Think back to late 90’s, there was a movie from Dreamworks called Prince of Egypt that had the hit song “There Can Be Miracles”. It was covered by many and sung way to many times at middle school fine arts festivals and vocal showcases. Or perhaps you remember the much older song by Barry Manilow (don’t judge, my mom listened to him, I did not choose to) It’s A Miracle.    
It went something like “a true, blue spectacle a miracle come true”.  Barf. Cheesy. Gag. I don’t like either of those songs. But Tammy, why do you know the lyrics? Hmmmm? I’m defective. I know lyrics to so many songs. If I could replace the space that song lyrics take up in my brain with actually useful knowledge, I could be a neuroscientist or astrophysicist or some other genius. Alas, I’m a stay at home mom with two currently useless licenses: music education and school counseling.  Useless because I cannot currently work in a school setting due to being on immunosuppressants. But I can win at song lyric trivia or “Encore” any day of the week! My point is that those are the only two songs that popped up in my brain when I thought of “miracle”.

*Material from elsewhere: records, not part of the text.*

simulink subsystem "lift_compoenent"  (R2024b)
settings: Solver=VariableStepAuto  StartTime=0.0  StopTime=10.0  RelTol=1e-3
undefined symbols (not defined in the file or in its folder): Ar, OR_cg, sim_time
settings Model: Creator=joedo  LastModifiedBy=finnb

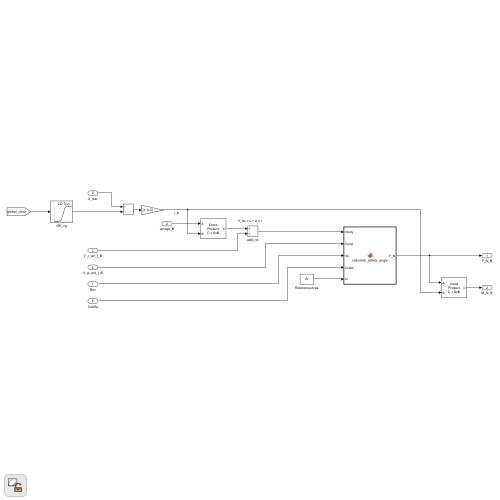
[thumbnail: Simulink's stored preview of the top-level diagram]
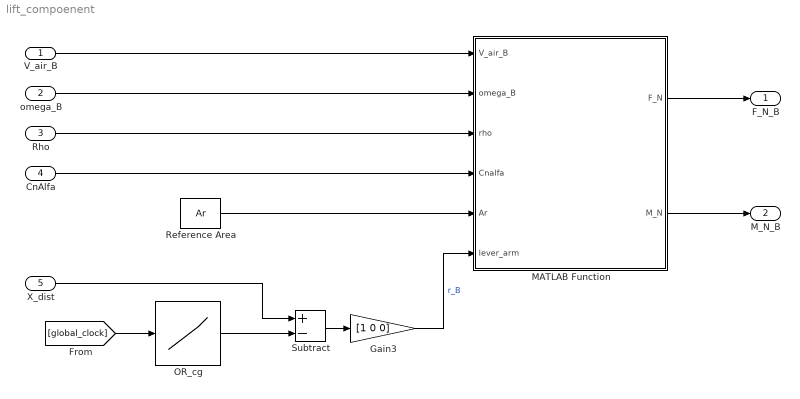
== system lift_compoenent ==
  "V_air_B " : Inport
  omega_B : Inport  Port=2
  Rho : Inport  Port=3
  CnAlfa : Inport  Port=4
  X_dist : Inport  Port=5
  Gain3 : Gain  Gain=[1 0 0]
  MATLAB Function : MATLAB Function  TreatAsAtomicUnit=on
  OR_cg : Lookup_n-D  NumberOfTableDimensions=1  BreakpointsForDimension1=sim_time  Table=OR_cg  InternalRulePriority=Speed  RndMeth=Simplest
  Reference Area : Constant  Value=Ar
  Subtract : Sum  Inputs=+-
  F_N_B : Outport  VectorParamsAs1DForOutWhenUnconnected=off
  M_N_B : Outport  Port=2  VectorParamsAs1DForOutWhenUnconnected=off
  wires:
  OR_cg/1 -> Subtract/2
  [global_clock] -> OR_cg/1
  Subtract/1 -> Gain3/1
  X_dist/1 -> Subtract/1
  Reference Area/1 -> MATLAB Function/5(Ar)
  CnAlfa/1 -> MATLAB Function/4(Cnalfa)
  Gain3/1 -> MATLAB Function/6(lever_arm)  "r_B"
  MATLAB Function/2(M_N) -> M_N_B/1
  Rho/1 -> MATLAB Function/3(rho)
  "V_air_B "/1 -> MATLAB Function/1(V_air_B)
  omega_B/1 -> MATLAB Function/2(omega_B)
  MATLAB Function/1(F_N) -> F_N_B/1

== matlab function lift_compoenent/MATLAB Function ==
  data: V_air_B input; omega_B input; rho input; Cnalfa input; Ar input; lever_arm input; F_N output; M_N output
function [F_N, M_N] = calculate_normal_force(V_air_B, omega_B, rho, Cnalfa, Ar, lever_arm)
    % relative velocity
    Vrel = V_air_B + cross(omega_B, lever_arm);
    
    % Body relative velocity magnitude
    Vrel_mag = norm(Vrel);
    VrelMagYZ = norm(Vrel(2:3));
    
    if VrelMagYZ ~= 0 % prevent division by 0
        % Angle of attack and component separation
        attack_angle = asin(VrelMagYZ/Vrel_mag);
        F_N_dir = [0; Vrel(2) / VrelMagYZ; Vrel(3) / VrelMagYZ];
        
        % Calculating total force
        F_N_mag = 0.5 * rho * Vrel_mag^2 * Ar * Cnalfa * attack_angle;
        F_N = F_N_dir * F_N_mag;
    else
        F_N = [0; 0; 0];
    end
    % Total torque
    M_N = cross(F_N, lever_arm);
end

Three years ago today, I sat in the very chair I am now writing this blog post from and I was shivering, feverish and fighting an infection. I had been fighting a cold since Christmas and on January 18th of 2016, I went to my primary care provider for an antibiotic. She did some bloodwork just to be sure it wasn’t anything like a relapse. My counts were all low. I called Loyola and they wanted to see me so Dan and I went in. Bloodwork was done and we anxiously waited to get a bone marrow biopsy done. My dr came out and said that the bloodwork showed that my counts had come up a bit from what my test showed the day prior at my primary care dr and we were sent home without need for a bone marrow biopsy. It was probably a viral infection and since I wasn’t having fevers she was not overly concerned. I was to come back in two day and have blood drawn again to make sure it continued to show rising counts.  January 22, we returned to Loyola for more labs and waited in the exam room for my doctor. It was a long wait. She came in and said my bloodwork looked worse and told me to go get it drawn again. She wanted to be sure it had really dropped and wasn’t a lab error.  Another blood draw. Same low counts. Now an unplanned bone marrow biopsy. I cried. Sobbed. From the pain, from the fear of the unknown, from knowing in my gut I was relapsing. I cried and desperately asked her, in between sobs as she chiseled a giant hollow needle into my pelvis, “do you think I’m relapsing?”. She wouldn’t say. Doctors can’t predict the future and they won’t try. I laid on that exam table, face down, squeezing Dan’s hand as I sobbed and prayed for God to take it all away and let me live. The pain of the biopsy is brutal. It is a horrendous procedure which I’ve endured 17 times. This one was by far the worst because of the emotional baggage it had along with it.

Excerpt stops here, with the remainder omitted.